I understand why you'd do it for your DP & the DC but fuck that, she can't dictate what you do.

NailsNeedDoing · 08/09/2021 18:22

Like if she was in hospital I'd expect DH to look after them and cancel his plans. Not insist EX'S DP do it.

But your DH isn’t in hospital and you said the only thing preventing him having his children was the transport from their mums to their Dads? That’s not comparable.
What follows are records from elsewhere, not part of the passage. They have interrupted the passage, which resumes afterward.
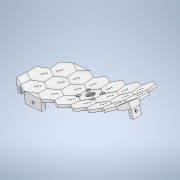
# Autodesk Inventor part: ArrayBracket
Saved by Autodesk Inventor 2022 (Build 260153070, 153G)
## iProperties
Created: 2021-11-12
Part Number: ArrayBracket
Material: PET Plastic
Document SubType Name: Modeling
Designer: elmar
Density: 1.541 g/cm^3
Appearance: White
Mass: 520.185 g
Surface Area: 474.933 cm^2
Volume: 337.563 cm^3
Author: elmar
Autodesk Inventor part; units mm, degrees
ref_plane "YZ Plane" through (0, 0, 0) normal (1, 0, 0) x (0, 1, 0)
ref_plane "XZ Plane" through (0, 0, 0) normal (0, 1, 0) x (-1, 0, 0)
ref_plane "XY Plane" through (0, 0, 0) normal (0, 0, 1) x (1, 0, 0)
sketch "Sketch1" plane through (0, 0, 0) normal (0, 0, 1) x (1, 0, 0)
  circle A0 centre (0, 0) radius 203
  line L0 (-129, -156.741826) -> (-129, -267)
  line L1 (-129, -267) -> (129, -267)
  line L2 (129, -267) -> (129, -156.741826)
  circle A1 centre (0, 0) radius 37
  line L3 (0, -203) -> (0, -267)
  line L4 (0, -235) -> (-129, -235)
  line L5 (0, -235) -> (11.5, -235)
  dimension "d0" = 406
  dimension "d1" = 267
  dimension "d2" = 74
  dimension "d3" = 258
  dimension "d11" = 11.5
  dimension "HalfAngle" = 2.802
  constraints: 12 end point, 3 perpendicular, 3 point on circle, 2 centre point, 2 coincident, 2 midpoint, 2 vertical, 1 horizontal, 1 parallel, 1 point on line
  measures "d0" diameter of A0
  measures "d1" distance from line of L1 point (0, 0)
  measures "d2" diameter of A1
  measures "d3" distance of L0.end L1.end
  measures "d11" distance of L4.start L5.end
extrude "Extrusion1" add sketch "Sketch1" along normal blind 74 contours A1
ref_plane "Work Plane1" through (0, -235, 0) normal (0, -1, 0) x (-1, 0, 0)
sketch "Sketch2" plane through (0, -235, 0) normal (0, -1, 0) x (-1, 0, 0)
  line L0 (0, 13.279056) -> (11.5, 6.639528)
  line L1 (11.5, 6.639528) -> (11.5, -6.639528)
  line L2 (11.5, -6.639528) -> (0, -13.279056)
  line L3 (0, -13.279056) -> (-11.5, -6.639528)
  line L4 (-11.5, -6.639528) -> (-11.5, 6.639528)
  line L5 (-11.5, 6.639528) -> (0, 13.279056)
  point P0 (0, 0)
  point P1 (0, 0)
  dimension "d8" = 23
  constraints: 12 end point, 1 coincident, 1 vertical, 13 other
  measures "d8" distance between parallel lines of L1 L4
extrude "Extrusion2" add sketch "Sketch2" along normal blind 3 draft 2.8016 separate body
sketch "Sketch3" plane through (0, -235, 0) normal (0, 1, 0) x (1, 0, 0)
  line L0 (-11.646809, -6.724288) -> (0, -13.448576)
  line L1 (0, 13.279056) -> (11.5, 6.639528)
  line L2 (0, 0) -> (5.75, 9.959292)
  point P0 (0.635, 1.099852)
  point P1 (1.905, 3.299557)
  point P2 (3.175, 5.499261)
  dimension "d16" = 1.27
  dimension "d17" = 2.54
  dimension "d18" = 2.54
  constraints: 3 point on line, 2 end point, 1 midpoint
  measures "d16" distance of L2.start point (0.635, 1.1)
  measures "d17" distance of point (0.635, 1.1) point (1.905, 3.3)
  measures "d18" distance of point (1.905, 3.3) point (3.175, 5.499)
hole "Hole1" at (1.905, -235, -3.299557) at (0.635, -235, -1.099852) at (3.175, -235, -5.499261) direction (0, -1, 0) diameter 1.27 end through all bodies 2
pattern_circular "Circular Pattern1" count 7 over 33.61921 about axis through (0, 0, -10) along (0, 0, 1) of "Extrusion2", "Hole1" bodies 2
ref_plane "Work Plane2" through (0, -235, -13.279056) normal (-0.0487035, 0.9952446, 0.0843569) x (0.8660254, 0, 0.5)
sketch "Sketch4" plane through (0, -235, -13.279056) normal (-0.0487035, 0.9952446, 0.0843569) x (0.8660254, 0, 0.5)
  line L0 (-0.047473, 22.972461) -> (13.215684, 22.999869)
  line L1 (13.215684, 22.999869) -> (19.870998, 11.527343)
  line L2 (19.870998, 11.527343) -> (13.263156, 0.027408)
  line L3 (13.263156, 0.027408) -> (0, 0)
  line L4 (0, 0) -> (-6.655315, 11.472526)
  line L5 (-6.655315, 11.472526) -> (-0.047473, 22.972461)
  point P0 (6.639528, 11.445313)
  point P1 (6.607842, 11.499935)
  point P2 (0, 0)
  constraints: 12 end point, 2 coincident, 13 other
extrude "Extrusion3" add sketch "Sketch4" against normal blind 3 draft 2.8016 separate body
sketch "Sketch5" plane through (0, -235, -13.279056) normal (-0.0487035, 0.9952446, 0.0843569) x (0.8660254, 0, 0.5)
  line L0 (6.639528, 11.445313) -> (6.639528, 10.175313)
  point P0 (6.639528, 7.635313)
  point P1 (6.639528, 5.095313)
  dimension "d29" = 2.54
  dimension "d30" = 2.54
  dimension "d199" = 1.27
  constraints: 3 end point, 2 point on line, 1 vertical
  measures "d29" distance of point (6.64, 7.635) L0.end
  measures "d30" distance of point (6.64, 5.095) point (6.64, 7.635)
  measures "d199" distance of L0.end L0.start
hole "Hole2" at (10.813463, -234.008854, -18.729467) at (9.549502, -234.256268, -16.540223) at (8.285542, -234.503681, -14.350979) direction (0.0487035, -0.9952446, -0.0843569) diameter 1.27 end through all bodies 3
pattern_circular "Circular Pattern2" count 6 over 28.01601 about axis through (0, 0, -10) along (0, 0, 1) of "Extrusion3" bodies 3
mirror "Mirror1" about plane through (0, 0, 0) normal (0, 0, 1) of "Extrusion3", "Circular Pattern2" bodies 3
ref_plane "Work Plane3" through (120.91255, -202.691008, -33.524907) normal (0, 0, 1) x (-0.957271, -0.2891923, 0)
sketch "Sketch16" plane through (79.062498, -221.604675, -6.696035) normal (0.2891923, -0.957271, 0) x (0.957271, 0.2891923, 0)
  line L0 (-1.437872, 0.346035) -> (-21.757872, 0.346035)
  line L1 (-21.757872, 0.346035) -> (-21.757872, 13.046035)
  line L2 (-21.757872, 13.046035) -> (-1.437872, 13.046035)
  line L3 (-1.437872, 13.046035) -> (-1.437872, 0.346035)
  line L4 (-1.437872, 0.346035) -> (-21.757872, 13.046035) construction
  line L5 (-21.757872, 0.346035) -> (-1.437872, 13.046035) construction
  circle A0 centre (-21.757872, 13.046035) radius 1.2
  circle A1 centre (-1.437872, 13.046035) radius 1.2
  circle A2 centre (-21.757872, 0.346035) radius 1.2
  circle A3 centre (-1.437872, 0.346035) radius 1.2
  circle A4 centre (-10.962872, 5.596182) radius 0.635
  circle A5 centre (-8.422872, 1.196773) radius 0.635
  circle A6 centre (-9.692872, 3.396478) radius 0.635
  line L6 (0.048936, -0.028253) -> (-11.597872, -6.752541)
  line L7 (0.048936, 13.420323) -> (0.048936, -0.028253)
  line L8 (-11.597872, 20.144611) -> (0.048936, 13.420323)
  line L9 (-23.244681, 13.420323) -> (-11.597872, 20.144611)
  line L10 (-23.244681, 13.420323) -> (-23.244681, -0.028253)
  line L11 (-11.597872, -6.752541) -> (-23.244681, -0.028253)
  point P0 (-11.597872, 6.696035)
  dimension "d94" = 12.7
  dimension "d95" = 20.32
  dimension "d96" = 2.4
  constraints: 12 end point, 8 coincident, 4 centre point, 3 equal radius, 2 midpoint, 2 parallel, 1 horizontal, 1 perpendicular
  measures "d94" distance of L0.end L1.end
  measures "d95" distance of L1.end L2.end
  measures "d96" diameter of A0
extrude "Extrusion11" add sketch "Sketch16" along normal up to surface (3 mm away) contours A2 L11 L1 L0 | A2 L1 A0 L2 A1 L3 A3 L0 | L0 L1 A2 | L0 A3 L6 L11 A2 | A3 L3 L0 | L0 L3 A3 L6 | A2 L11 L10 L9 A0 L1 | L3 A1 L8 L7 L6 A3 | A0 L9 L2 L1 | L1 L2 A0 | A1 L2 L3 | L3 L2 A1 L8 | A0 L9 L8 A1 L2 | A4 | A5 | A6 bodies 2
extrude "Extrusion10" [suppressed]
hole "Hole5" at (67.960191, -224.958691, 0) direction (0.2891923, -0.957271, 0) diameter 10 end through all bodies 2
ref_plane "Work Plane9" through (67.635469, -223.883813, 26.526539) normal (0.957271, 0.2891923, 0) x (0.2873565, -0.9511941, 0.1124989)
hole "Hole9" at (58.234317, -227.896884, -6.35) at (58.234317, -227.896884, 6.35) at (77.686064, -222.020497, 6.35) at (77.686064, -222.020497, -6.35) direction (0.2891923, -0.957271, 0) diameter 2.9 end through all countersink diameter 5.5 countersink angle 90 bodies 2 3 clearance for "Flat Head Machine Screw" size "M2.5" standard "Ansi Metric M Profile"
sketch "Sketch20" plane through (78.968807, -221.632979, 3.948563) normal (-0.2891923, 0.957271, 0) x (0.957271, 0.2891923, 0)
  arc A0 (-24.222288, 11.297151) -> (-23, 7.897126) centre (-21.66, 10.298563) ccw
  arc A1 (-19.892485, 12.405312) -> (-24.2132, 11.320165) centre (-21.66, 10.298563) ccw
  arc A2 (-23, 7.897126) -> (-19.998977, 12.490252) centre (-21.66, 10.298563) ccw
  arc A3 (-19.998977, -4.593126) -> (-23, 0) centre (-21.66, -2.401437) ccw
  arc A4 (-23, 0) -> (-24.222288, -3.400025) centre (-21.66, -2.401437) ccw
  arc A5 (-24.2132, -3.423039) -> (-19.892485, -4.508186) centre (-21.66, -2.401437) ccw
  arc A6 (0, 0) -> (-3.001023, -4.593126) centre (-1.34, -2.401437) ccw
  arc A7 (-3.001023, 12.490252) -> (0, 7.897126) centre (-1.34, 10.298563) ccw
  circle A8 centre (-21.66, -2.401437) radius 2.75
  circle A9 centre (-21.66, 10.298563) radius 2.75
  circle A10 centre (-1.34, -2.401437) radius 2.75
  line L0 (0, 10.588091) -> (0, 0)
  circle A11 centre (-1.34, 10.298563) radius 2.75
  point P0 (-11.5, 3.948563)
  point P1 (-3.001023, 12.490252)
  point P2 (0, 0)
  point P3 (-24.2132, -3.423039)
  point P4 (-23.071688, 11.286294)
  point P5 (-23, 10.401194)
  point P6 (-21.178594, 12.322932)
  point P7 (-23.06494, 11.313848)
  point P8 (-23, -1.190835)
  point P9 (-23.071688, -2.075936)
  point P10 (-23.06494, -2.10349)
  point P11 (-21.178594, -3.112574)
  point P12 (0, 10.401194)
  point P13 (-19.998977, 12.490252)
  point P14 (-23, 7.897126)
  point P15 (-23, 0)
  point P16 (-19.998977, -4.593126)
  constraints: 4 coincident, 12 other
extrude "Extrusion14" cut sketch "Sketch20" along normal through all bodies 2 3
ref_plane "Work Plane12" through (-11.5, -235, 6.639528) normal (0.0484735, 0.9952895, -0.0839586) x (0.4988107, 0.0487031, 0.8653415)
ref_plane "Work Plane13" through (0, -238, -13.448576) normal (-0.2891923, 0.957271, 0) x (0.957271, 0.2891923, 0)
sketch "Sketch27" plane through (-11.5, -235, 6.639528) normal (0.0484735, 0.9952895, -0.0839586) x (0.4988107, 0.0487031, 0.8653415)
  line L0 (0, 0) -> (-11.490918, 6.561185)
  line L1 (22.945205, 0) -> (11.481782, 6.670983)
  line L2 (11.481782, 6.670983) -> (0, 0)
  line L3 (22.945205, 0) -> (11.481782, 6.670983)
  line L4 (11.481782, 6.670983) -> (0, 0)
  line L5 (0, 0) -> (11.463423, -6.670983)
  line L6 (11.463423, -6.670983) -> (22.945205, 0)
  point P0 (11.436101, -6.466837)
  constraints: 8 end point, 3 equal length
extrude "Extrusion19" add sketch "Sketch27" against normal up to surface surface through (0, -238, -13.448576) normal (-0.2891923, 0.957271, 0) bodies 2
sketch "Sketch28" plane through (-11.820019, -241.570837, 7.193817) normal (0.2891923, -0.957271, 0) x (0.8492534, 0.2565601, 0.4614602)
  line L0 (0.925735, 2.030425) -> (6.040789, 11.864157)
  line L1 (6.040789, 11.864157) -> (9.944297, 9.833732)
  line L2 (9.944297, 9.833732) -> (4.829243, 0)
  line L3 (4.829243, 0) -> (0.925735, 2.030425)
  line L4 (-69.79898, 28.197405) -> (243.023514, -134.518439)
  line L5 (8.04069, 10.089671) -> (6.040789, 11.864157)
  line L6 (0, 0) -> (13.743516, 0)
  point P0 (68.69597, -43.841285)
  dimension "d167" = 4.4
  constraints: 8 end point, 3 parallel, 1 perpendicular, 1 point on line
  measures "d167" distance of L2.end L0.start
extrude "Extrusion20" add sketch "Sketch28" along normal up to surface (10.169496 mm away) bodies 2
sketch "Sketch29" plane through (-7.718768, -240.331846, 20.506817) normal (0.957271, 0.2891923, 0) x (0, 0, -1)
  line L0 (7.129961, -1) -> (8.717675, -3.75)
  line L1 (8.717675, -3.75) -> (7.129961, -6.5)
  line L2 (7.129961, -6.5) -> (3.954535, -6.5)
  line L3 (3.954535, -6.5) -> (2.366822, -3.75)
  line L4 (2.366822, -3.75) -> (3.954535, -1)
  line L5 (3.954535, -1) -> (7.129961, -1)
  line L6 (0, 0) -> (11.084496, 0)
  line L7 (5.542248, 0) -> (5.542248, -10.169496)
  line L8 (0, -10.169496) -> (11.084496, -10.169496)
  point P0 (20.506817, 227.830504)
  point P1 (5.542248, -3.75)
  point P2 (5.542248, -3.75)
  dimension "d170" = 5.5
  dimension "d195" = 1
  constraints: 14 end point, 2 midpoint, 1 coincident, 1 point on line, 13 other
  measures "d170" distance between parallel lines of L3 L0
  measures "d195" distance between parallel lines of L5 L6
extrude "Extrusion21" cut sketch "Sketch29" against normal blind 2.4 bodies 2
hole "Hole11" at (-6.634297, -243.921612, 14.964569) direction (-0.957271, -0.2891923, 0) diameter 3.4 end through all bodies 2 clearance for "Flat Head Machine Screw" size "M3" standard "Ansi Metric M Profile"
mirror "Mirror6" about plane through (67.635469, -223.883813, 26.526539) normal (0.957271, 0.2891923, 0) of "Extrusion20", "Extrusion21", "Hole11", "Extrusion19" bodies 2
sketch "Sketch30" plane through (11.499869, -234.99733, 6.671101) normal (-0.0487035, 0.9952446, -0.0843569) x (0.8629287, 0.0844573, 0.4982178)
  line L0 (6.600019, -11.431568) -> (6.623671, 0.013721)
  line L1 (13.263185, 0) -> (-0.015843, 0.027441)
  point P0 (6.602644, -10.161568)
  point P1 (6.607892, -7.621568)
  point P2 (6.613141, -5.081568)
  dimension "d183" = 1.27
  dimension "d185" = 2.54
  dimension "d186" = 2.54
  constraints: 3 point on line, 2 end point, 1 midpoint
  measures "d183" distance of L0.start point (6.603, -10.162)
  measures "d185" distance of point (6.608, -7.622) point (6.603, -10.162)
  measures "d186" distance of point (6.608, -7.622) point (6.613, -5.082)
hole "Hole12" at (12.086484, -233.946557, 18.729465) at (13.368565, -234.069378, 16.540216) at (14.650647, -234.192198, 14.350967) direction (0.0487035, -0.9952446, 0.0843569) diameter 1.27 end through all bodies 3
pattern_circular "Circular Pattern4" count 6 over 28.01601 about axis through (0, 0, -10) along (0, 0, 1) of "Hole2", "Hole12" bodies 3
ref_plane "Work Plane14" through (23.126936, -235.731083, 26.864571) normal (-0.0976385, 0.9952219, 0) x (0.9952219, 0.0976385, 0)
ref_plane "Work Plane15" through (22.890366, -232.759654, 26.494966) normal (0.0962651, -0.9812233, 0.1671345) x (-0.8670519, -0.0002013, 0.4982178)
sketch "Sketch31" plane through (23.126936, -235.731083, 26.864571) normal (-0.0976385, 0.9952219, 0) x (0.9952219, 0.0976385, 0)
  line L0 (0, 0.338032) -> (-11.390497, -6.238349)
  line L1 (11.390497, -6.238349) -> (0, 0.338032)
  line L2 (11.390497, -6.238349) -> (11.535908, -6.660335)
  line L3 (-11.390497, -6.238349) -> (11.390497, -6.238349)
  constraints: 2 end point, 1 horizontal
extrude "Extrusion22" add sketch "Sketch31" along normal up to surface surface through (22.890366, -232.759654, 26.494966) normal (0.0962651, -0.9812233, 0.1671345) bodies 2
sketch "Sketch32" plane through (23.126936, -235.731083, 26.864571) normal (0.0976385, -0.9952219, 0) x (0.9952219, 0.0976385, 0)
  line L0 (-11.390497, 6.238349) -> (11.390497, 6.238349)
  line L1 (11.390497, 6.238349) -> (11.390497, 0.838349)
  line L2 (11.390497, 0.838349) -> (-11.390497, 0.838349)
  line L3 (-11.390497, 0.838349) -> (-11.390497, 6.238349)
  line L4 (-11.390497, 6.238349) -> (11.390497, 0.838349) construction
  line L5 (11.390497, 6.238349) -> (-11.390497, 0.838349) construction
  point P0 (0, -26.864571)
  point P1 (0, 3.538349)
  dimension "d198" = 5.4
  constraints: 12 end point, 2 coincident, 2 midpoint, 2 parallel, 1 horizontal, 1 perpendicular
  measures "d198" distance of L0.end L1.end
extrude "Extrusion23" add sketch "Sketch32" along normal blind 10 and the other way blind 2 bodies 2
sketch "Sketch33" plane through (25.154729, -235.532142, 27.70292) normal (0, 0, -1) x (-0.9952219, -0.0976385, 0)
  line L0 (13.428025, -10) -> (-9.352968, -10)
  line L1 (2.037529, -1.137224) -> (-9.60915, -1.13452)
  line L2 (5.213128, -4.287207) -> (3.625415, -7.037207)
  line L3 (3.625415, -7.037207) -> (0.449989, -7.037207)
  line L4 (0.449989, -7.037207) -> (-1.137724, -4.287207)
  line L5 (-1.137724, -4.287207) -> (0.449989, -1.537207)
  line L6 (0.449989, -1.537207) -> (3.625415, -1.537207)
  line L7 (3.625415, -1.537207) -> (5.213128, -4.287207)
  line L8 (2.093086, -0.000052) -> (2.037702, -1.137207)
  line L9 (2.037702, -1.137207) -> (2.037702, -1.537207)
  point P0 (2.037529, 236.862827)
  point P1 (2.037702, -4.287207)
  dimension "d205" = 5.5
  dimension "d206" = 0.4
  constraints: 14 end point, 1 midpoint, 1 parallel, 1 perpendicular, 13 other
  measures "d205" distance between parallel lines of L3 L6
  measures "d206" distance of L8.end L9.end
extrude "Extrusion24" cut sketch "Sketch33" against normal blind 2.4 bodies 2
hole "Hole13" at (23.54536, -239.997823, 27.70292) direction (0, 0, 1) diameter 3.4 end through all bodies 2 clearance for "Flat Head Machine Screw" size "M3" standard "Ansi Metric M Profile"
mirror "Mirror7" about plane through (0, 0, 0) normal (0, 0, 1) of "Extrusion23", "Extrusion24", "Hole13", "Extrusion22" bodies 2
equation "\"d11\" = 0.5 * d8"
equation "\"d10\" = HalfAngle"
equation "\"d14\" = 12 * HalfAngle"
equation "\"d27\" = HalfAngle"
equation "\"d39\" = 10 * HalfAngle"
equation "\"d181\" = 10 * HalfAngle"
body "Solid1"
body "Solid2"
body "Solid3"

Polkadots2021 · 08/09/2021 18:22

@Lena007

If she asked nicely I would do it as a one off since DH was injured. But since she isn't being nice and is trying to force you to do it, I wouldn't. But that's just because I hate being forced to do anything! If she drives I would tell her is her plans are that important she can drop kids off this one time extra. How far is it?
I actually agree with this - this is a major boundary issue. She's treating you like the junior hire which is really disrespectful. If you don't set boundaries she will do this in perpetuity and possibly get worse.
Hockeyboysmum · 08/09/2021 18:25

Can she not drop them off?

MiddleParking · 08/09/2021 18:28

She won't want to say hello. She refuses to meet me.

So she wants to what…rudely demand that a stranger to her drive a three hour round trip to her house, where she will rudely not even say hello let alone offer you a cup of tea and a toilet break? And she’s surprised that this strategy isn’t working that well?